== Data for processing ==
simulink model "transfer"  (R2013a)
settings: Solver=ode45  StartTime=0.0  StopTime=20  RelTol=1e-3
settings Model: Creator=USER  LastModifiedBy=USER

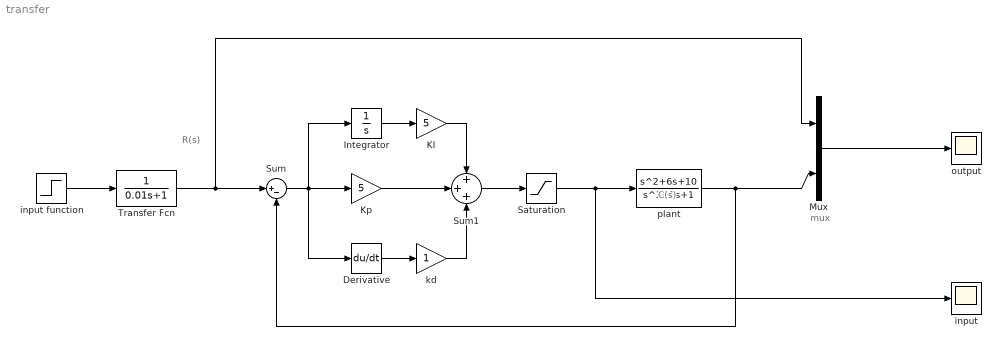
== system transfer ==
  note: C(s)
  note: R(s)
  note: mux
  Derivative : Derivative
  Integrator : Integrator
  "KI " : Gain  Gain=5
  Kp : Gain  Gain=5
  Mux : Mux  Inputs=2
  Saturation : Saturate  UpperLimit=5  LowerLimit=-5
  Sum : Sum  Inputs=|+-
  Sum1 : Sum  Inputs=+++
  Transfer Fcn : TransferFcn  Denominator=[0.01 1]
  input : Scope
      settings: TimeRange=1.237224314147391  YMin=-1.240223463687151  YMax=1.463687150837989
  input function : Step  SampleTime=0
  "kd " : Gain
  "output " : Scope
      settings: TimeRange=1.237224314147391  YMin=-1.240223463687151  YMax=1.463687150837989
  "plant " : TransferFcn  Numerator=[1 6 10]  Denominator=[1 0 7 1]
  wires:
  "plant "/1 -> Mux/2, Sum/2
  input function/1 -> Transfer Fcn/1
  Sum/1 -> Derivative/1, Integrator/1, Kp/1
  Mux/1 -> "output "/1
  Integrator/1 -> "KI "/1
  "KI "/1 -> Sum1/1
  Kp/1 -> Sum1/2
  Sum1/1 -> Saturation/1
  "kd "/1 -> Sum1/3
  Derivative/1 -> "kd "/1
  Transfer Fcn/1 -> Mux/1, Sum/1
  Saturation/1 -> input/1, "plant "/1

== What is being asked ==
Copy the lines above exactly, beginning at the line that has "Transfer Fcn : TransferFcn" and stopping after the line that has "input function/1 -> Transfer Fcn/1", and omit the rest.

== Output of the task ==
  Transfer Fcn : TransferFcn  Denominator=[0.01 1]
  input : Scope
      settings: TimeRange=1.237224314147391  YMin=-1.240223463687151  YMax=1.463687150837989
  input function : Step  SampleTime=0
  "kd " : Gain
  "output " : Scope
      settings: TimeRange=1.237224314147391  YMin=-1.240223463687151  YMax=1.463687150837989
  "plant " : TransferFcn  Numerator=[1 6 10]  Denominator=[1 0 7 1]
  wires:
  "plant "/1 -> Mux/2, Sum/2
  input function/1 -> Transfer Fcn/1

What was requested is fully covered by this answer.